Ok I said I was gonna break down what I was talking about yesterday.
I was shook to oblivion that I got a chick pregnant. And on top of that its a chick I couldn't stand nor found attractive.
My thought process was fukked up the entire weekend until I realized I'm good. I thought about my family being disappointed in me. I thought about how my family supports me in college. How would I support my child? I would have to completely drop out of college and stop chasing my dreams and support my kid. And then I thought about all the silly shyt I do for fun I won't be able to do anymore because I would have to watch a kid. I wouldn't be able to go to school. I would have to move back to my shyt town. I would have to get a shyt job not for myself but all my money would have to go to my child. I wouldn't be able to go out all weekend and party with the boys. I won't be able to go to events that are expensive. And I'd be giving up a lot of shyt I can't even think of right now. And most importantly I would have to see that chick the rest of my life. Some random girl I met off Tinder. Who I plan to never talk to or see ever again after our little encounter. But having a kid could have changed that.

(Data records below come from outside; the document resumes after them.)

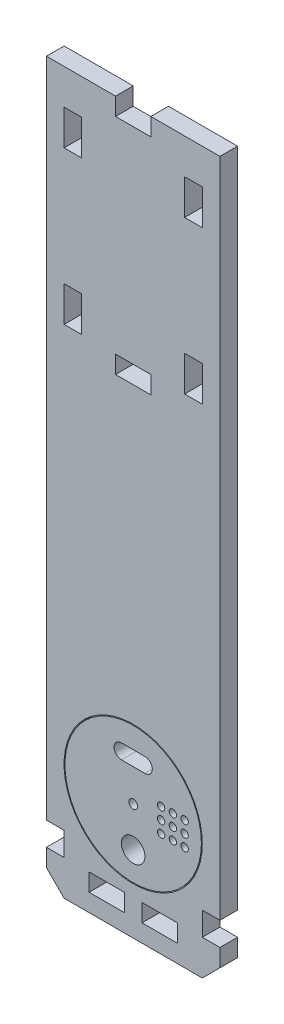
SolidWorks part; units mm, degrees
ref_plane "Front Plane" through (0, 0, 0) normal (0, 0, 1) x (1, 0, 0)
ref_plane "Top Plane" through (0, 0, 0) normal (0, 1, 0) x (1, 0, 0)
ref_plane "Right Plane" through (0, 0, 0) normal (1, 0, 0) x (0, 0, -1)
sketch "Sketch2" plane through (0, 0, 0) normal (0, 1, 0) x (1, 0, 0)
  line L0 (0, 0) -> (0, 6) construction
  dimension "D1" = 6
sketch "Sketch1" plane through (0, 0, 0) normal (0, 0, 1) x (1, 0, 0)
  line L0 (0, 33.5) -> (0, 20) construction
  line L1 (-29.5, 0) -> (29.5, 0)
  line L2 (-29.5, 0) -> (-29.5, 239)
  line L3 (-29.5, 239) -> (29.5, 239)
  line L4 (29.5, 0) -> (29.5, 239)
  line L5 (0, 10) -> (0, 16) construction
  line L6 (0, 10) -> (0, 6) construction
  line L7 (-23.5, 33.5) -> (-29.5, 33.5) construction
  line L8 (-29.5, 163) -> (29.5, 163) construction
  line L9 (-23.5, 157) -> (-23.5, 233) construction
  line L10 (-29.5, 233) -> (29.5, 233) construction
  line L11 (29.5, 6) -> (-29.5, 6) construction
  line L12 (0, 6) -> (0, 0) construction
  line L13 (0, 163) -> (0, 157) construction
  line L14 (0, 233) -> (0, 239) construction
  line L15 (-29.5, 223) -> (29.5, 223) construction
  line L16 (23.5, 157) -> (23.5, 233) construction
  line L21 (-21, 157) -> (21, 157) construction
  line L22 (0, 33.5) -> (13.5, 33.5) construction
  line L24 (9.5, 29.5) -> (17.5, 29.5) construction
  line L25 (9.5, 29.5) -> (9.5, 37.5) construction
  line L26 (9.5, 37.5) -> (17.5, 37.5) construction
  line L27 (17.5, 29.5) -> (17.5, 37.5) construction
  line L28 (9.5, 29.5) -> (17.5, 37.5) construction
  line L29 (9.5, 37.5) -> (17.5, 29.5) construction
  line L30 (0, 33.5) -> (0, 47) construction
  line L31 (-4, 47) -> (4, 47) construction
  line L32 (-4, 49.5) -> (4, 49.5)
  line L33 (-4, 44.5) -> (4, 44.5)
  line L34 (-21, 157) -> (-23.5, 157) construction
  line L35 (21, 157) -> (23.5, 157) construction
  line L36 (21, 157) -> (21, 6) construction
  line L37 (21, 6) -> (23.5, 6) construction
  line L38 (23.5, 6) -> (23.5, 157) construction
  line L39 (-23.5, 157) -> (-23.5, 6) construction
  line L40 (-21, 157) -> (-21, 6) construction
  circle A0 centre (0, 33.5) radius 23.5
  circle A1 centre (0, 20) radius 4
  circle A2 centre (0, 33.5) radius 23.2
  circle A5 centre (9.5, 29.5) radius 1.25
  circle A6 centre (13.5, 29.5) radius 1.25
  circle A7 centre (17.5, 29.5) radius 1.25
  circle A8 centre (13.5, 33.5) radius 1.25
  circle A9 centre (17.5, 33.5) radius 1.25
  circle A10 centre (17.5, 37.5) radius 1.25
  circle A11 centre (13.5, 37.5) radius 1.25
  circle A12 centre (9.5, 37.5) radius 1.25
  circle A13 centre (9.5, 33.5) radius 1.25
  arc A14 (-4, 49.5) -> (-4, 44.5) centre (-4, 47) ccw
  arc A15 (4, 44.5) -> (4, 49.5) centre (4, 47) ccw
  circle A16 centre (0, 33.5) radius 1.5
  point P35 (0, 157)
  point P57 (0, 47)
  dimension "D4" = 8
  dimension "D13" = 2.5
  dimension "D18" = 3
  dimension "D1" = 59
  dimension "D2" = 239
  dimension "D3" = 6
  dimension "D5" = 20
  dimension "D6" = 6
  dimension "D7" = 0.3
  dimension "D8" = 6
  dimension "D10" = 60
  dimension "D11" = 10
  dimension "D12" = 8
  dimension "D14" = 8
  dimension "D15" = 5
  dimension "D16" = 42
  dimension "D17" = 2.5
  dimension "D9" = 151
extrude "Boss-Extrude1" add sketch "Sketch1" against normal up to vertex (6 mm away) contours L1 L4 L3 L2 A0 | A2 A15 L33 A14 L32 A13 A12 A11 A10 A9 A8 A7 A6 A5 A1 region at (0, 131.5657, 0) region at (-22.5438, 33.5, 0) up to point (0, 0, -6)
sketch "Sketch3" plane through (0, 0, 0) normal (0, 0, 1) x (1, 0, 0)
  line L0 (0, 233) -> (0, 239) construction
  line L1 (-6, 233) -> (6, 233)
  line L2 (-6, 233) -> (-6, 239)
  line L3 (-6, 239) -> (6, 239)
  line L4 (6, 233) -> (6, 239)
  line L5 (-6, 233) -> (6, 239) construction
  line L6 (-6, 239) -> (6, 233) construction
  line L7 (-29.5, 239) -> (29.5, 239) construction
  line L8 (-6, 233) -> (-29.5, 233)
  line L9 (6, 233) -> (29.5, 233)
  line L10 (0, 163) -> (0, 157) construction
  line L11 (-6, 157) -> (6, 157)
  line L12 (-6, 157) -> (-6, 163)
  line L13 (-6, 163) -> (6, 163)
  line L14 (6, 157) -> (6, 163)
  line L15 (-6, 157) -> (6, 163) construction
  line L16 (-6, 163) -> (6, 157) construction
  line L17 (-29.5, 163) -> (29.5, 163) construction
  line L18 (-23.5, 157) -> (-23.5, 233) construction
  line L19 (-23.5, 175) -> (-17.5, 175)
  line L20 (-23.5, 175) -> (-23.5, 163)
  line L21 (-23.5, 163) -> (-17.5, 163)
  line L22 (-17.5, 175) -> (-17.5, 163)
  line L23 (23.5, 157) -> (23.5, 233) construction
  line L24 (23.5, 175) -> (17.5, 175)
  line L25 (23.5, 175) -> (23.5, 163)
  line L26 (23.5, 163) -> (17.5, 163)
  line L27 (17.5, 175) -> (17.5, 163)
  line L28 (-17.5, 227) -> (-17.5, 233) construction
  line L29 (-23.5, 227) -> (-17.5, 227)
  line L30 (-23.5, 227) -> (-23.5, 215)
  line L31 (-23.5, 215) -> (-17.5, 215)
  line L32 (-17.5, 227) -> (-17.5, 215)
  line L33 (23.5, 227) -> (17.5, 227)
  line L34 (23.5, 227) -> (23.5, 215)
  line L35 (23.5, 215) -> (17.5, 215)
  line L36 (17.5, 227) -> (17.5, 215)
  line L37 (0, 6) -> (0, 0) construction
  line L38 (-3, 0) -> (3, 0)
  line L39 (-3, 0) -> (-3, 6)
  line L40 (-3, 6) -> (3, 6)
  line L41 (3, 0) -> (3, 6)
  line L42 (-3, 0) -> (3, 6) construction
  line L43 (-3, 6) -> (3, 0) construction
  line L44 (29.5, 6) -> (-29.5, 6) construction
  line L45 (-29.5, 0) -> (-29.5, 239) construction
  line L46 (-23.5, 6) -> (-29.5, 6)
  line L47 (-23.5, 6) -> (-23.5, 14)
  line L48 (-23.5, 14) -> (-29.5, 14)
  line L49 (-29.5, 6) -> (-29.5, 14)
  line L50 (29.5, 0) -> (29.5, 239) construction
  line L51 (23.5, 6) -> (29.5, 6)
  line L52 (23.5, 6) -> (23.5, 14)
  line L53 (23.5, 14) -> (29.5, 14)
  line L54 (29.5, 6) -> (29.5, 14)
  line L55 (-29.5, 0) -> (29.5, 0) construction
  line L56 (-3, 6) -> (-15, 6)
  line L57 (-3, 6) -> (-3, 0)
  line L58 (-3, 0) -> (-15, 0)
  line L59 (-15, 6) -> (-15, 0)
  line L61 (3, 6) -> (15, 6)
  line L62 (3, 6) -> (3, 0)
  line L63 (3, 0) -> (15, 0)
  line L64 (15, 6) -> (15, 0)
  point P0 (0, 236)
  point P9 (0, 160)
  point P42 (0, 3)
  dimension "D3" = 6
  dimension "D2" = 12
  dimension "D5" = 8
  dimension "D4" = 6
  dimension "D6" = 12
  dimension "D1" = 12
  dimension "D7" = 12
extrude "Cut-Extrude1" cut sketch "Sketch3" against normal blind 10 contours L49 L46 L47 L48 | L51 L54 L53 L52 | L33 L36 L35 L34 | L24 L27 L26 L25 | L11 L14 L13 L12 | L22 L19 L20 L21 | L32 L29 L30 L31 | L1 L4 L3 L2 | L56 L59 L58 L39 | L64 L61 L41 L63 region at (0, 236, 0) region at (0, 160, 0) region at (-20.5, 169, 0) region at (20.5, 169, 0) region at (-20.5, 221, 0) region at (20.5, 221, 0) region at (-9, 3, 0) region at (9, 3, 0) region at (-26.5, 10, 0) region at (26.5, 10, 0)
sketch "Sketch5" plane through (0, 0, 0) normal (0, 0, 1) x (1, 0, 0)
  line L0 (-29.5, 0) -> (-23.5, 0)
  line L1 (-29.5, 0) -> (29.5, 0) construction
  line L2 (-23.5, 0) -> (23.5, 0)
  line L3 (23.5, 0) -> (29.5, 0)
  line L4 (29.5, 0) -> (23.5, -6)
  line L5 (23.5, -6) -> (-23.5, -6)
  line L6 (-23.5, -6) -> (-29.5, 0)
  line L7 (-23.5, -6) -> (-23.5, 0) construction
  line L8 (23.5, 0) -> (23.5, -6) construction
  dimension "D1" = 6
extrude "Boss-Extrude3" add sketch "Sketch5" against normal up to surface (6 mm away) up to face at (-20.5, 221, -6)
equation "\"t_wood\"= 6' Thickness of the wood"
equation "\"t_glass\"= 2.5'Thickness of glass panels"
equation "\"w_glass\"= 181"
equation "\"h_glass\"= 151"
equation "\"h_food_internal\" = 60"
equation "\"entry_height\"= 20"
equation "\"entry diameter\"= 8"
equation "\"glass_bottom_overlap\"= 8"
equation "\"default_finger_size\"= 12"
equation "\"brood_depth\"= 42"
equation "\"outer_box_depth\" = \"brood_depth\" + ( 2 * \"t_glass\" ) + ( 2 * \"t_wood\" )"
equation "\"outer_box_width\"= \"w_glass\" + ( 2 * \"t_wood\" )"
equation "\"food_top_clearance\"= 10"
equation "\"outer_box_height\"= \"t_wood\" + \"h_glass\" + \"t_wood\" + \"h_food_internal\" + \"food_top_clearance\" + \"t_wood\""
equation "\"food_internal_depth\"= \"brood_depth\" + \"t_glass\" + \"t_glass\" - \"t_wood\" - \"t_wood\""
equation "\"food_channel_clearance_width\"= 14"
equation "\"bar_top_play\"= 0.5"
equation "\"bar_entry_angle\"= 10"
equation "\"bar_width\"= 20"
equation "\"entry_disk_play\"= 0.3"
equation "\"D1@Sketch1\"=\"outer_box_depth\""
equation "\"D2@Sketch1\"=\"outer_box_height\""
equation "\"D3@Sketch1\"=\"t_wood\""
equation "\"D4@Sketch1\"=\"entry diameter\""
equation "\"D5@Sketch1\"=\"entry_height\""
equation "\"D6@Sketch1\"=\"t_wood\""
equation "\"D7@Sketch1\"=\"entry_disk_play\""
equation "\"D8@Sketch1\"=\"t_wood\""
equation "\"D10@Sketch1\"=\"h_food_internal\""
equation "\"D12@Sketch1\"=\"entry diameter\""
equation "\"D14@Sketch1\"=\"entry diameter\""
equation "\"D16@Sketch1\"=\"brood_depth\""
equation "\"D17@Sketch1\"=\"t_glass\""
equation "\"D9@Sketch1\"=\"h_glass\""
equation "\"D1@Sketch2\"=\"t_wood\""
equation "\"D2@Sketch3\"=\"default_finger_size\""
equation "\"D3@Sketch3\"=\"t_wood\""
equation "\"D5@Sketch3\"=\"glass_bottom_overlap\""
equation "\"D1@Sketch5\"=\"t_wood\""
equation "\"D4@Sketch3\"=\"t_wood\""
equation "\"D6@Sketch3\"=\"default_finger_size\""
equation "\"D1@Sketch3\"=\"default_finger_size\""
equation "\"D7@Sketch3\"=\"default_finger_size\""

This deep thinking process had my stomach hurting and my chest heavy. I had a major headache. The television was background noise all night while I sat in the dark thinking about my life flashing before my eyes. Typing this now kind of getting me upset.
Then it just hit me, this group, myself, and men in general are fukking stupid. Most of us have it made in this thread. We are either cool ass dudes who have a lot of friends or great life. Some of you dudes are in college like myself. Some of you guys have a great job. And even some of you dudes have a crib all to yourself with a nice car who probably got both Xbox 1 and PS4. No rules, no one bytching at you, you can do whatever you want any time and where when you aren't busy. And the fukked up thing about all of this is we spend most of her time chasing p*ssy, doing things hoping we get p*ssy for it not because we want to, and spend most of our times in threads like these looking for advice on how to deal with women or just straight up get one.
ITS fukkING SILLY. It truly is when you think about it. We risk it all for a few minutes of pleasure with women who most of the time have nothing to offer besides sex or women we don't even like. We let women say shyt that's dumb or shyt that's rude that we would normally correct our own mothers on. Brehs be out here spending a shyt ton of money on a bottle or whatever for a female when they won't even go all out for their own family members that way on christmas or a birthday. Dudes try to lose weight or gain money or skills not for themselves but to impress women.
We do all of this for a few strokes of pleasure that could make your life turn a total 180 if something goes wrong. For example, a kid, a std, a sexual charge, and just straight up drama you might not want in your life. Again as I stated before, I'm not saying you should stop fukking or anything. But please.... please coli brehs stop chasing women because chasing women for pleasure can lead to negative reproductions. You gonna chase and end up finding the devil behind something.
Quit chasing as in quit trying to impress women. Quit trying to act extra for a girl. Don't go all on the deep end trying dating apps, going to places hoping to score, or even having encounters with women hoping something comes out of it and especially quit coming to this thread trying to find new ways or tricks to smash some new p*ssy. Go out and actually have fun in the aspect of just having fun regardless of pulling a female or not. Don't lower your standard for a chick if you have no feelings towards her or do not find her attractive if you know its a easy hit. Do not waste her time either if she has a big plate like dealing with children or some shyt when you just want to fukk and she wants something serious please be straight up.
My best advice is from now on please let shyt be natural for yourself. Talk to women just to talk. I realized all my best encounters with relationships have always been natural when I didn't expect nothing out of it and yet something happens in a poistive way because she likes who you truly are not because you act a certain way someone told you to act to get girls or certain advice you read in a book or on a message board. You will live a long life and no matter who you are someone will like you for being yourself so there is no point of doing all the extra bs. So you don't have to wife up the first chick who really gives u attention or go after the only girl who pays u attention currently because no one else is... Someone else will sooner than later if you just keep acting as yourself and it would be a shame that you finally found a chick you truly like and you're tied down to a chick you met on tinder because you got her prego.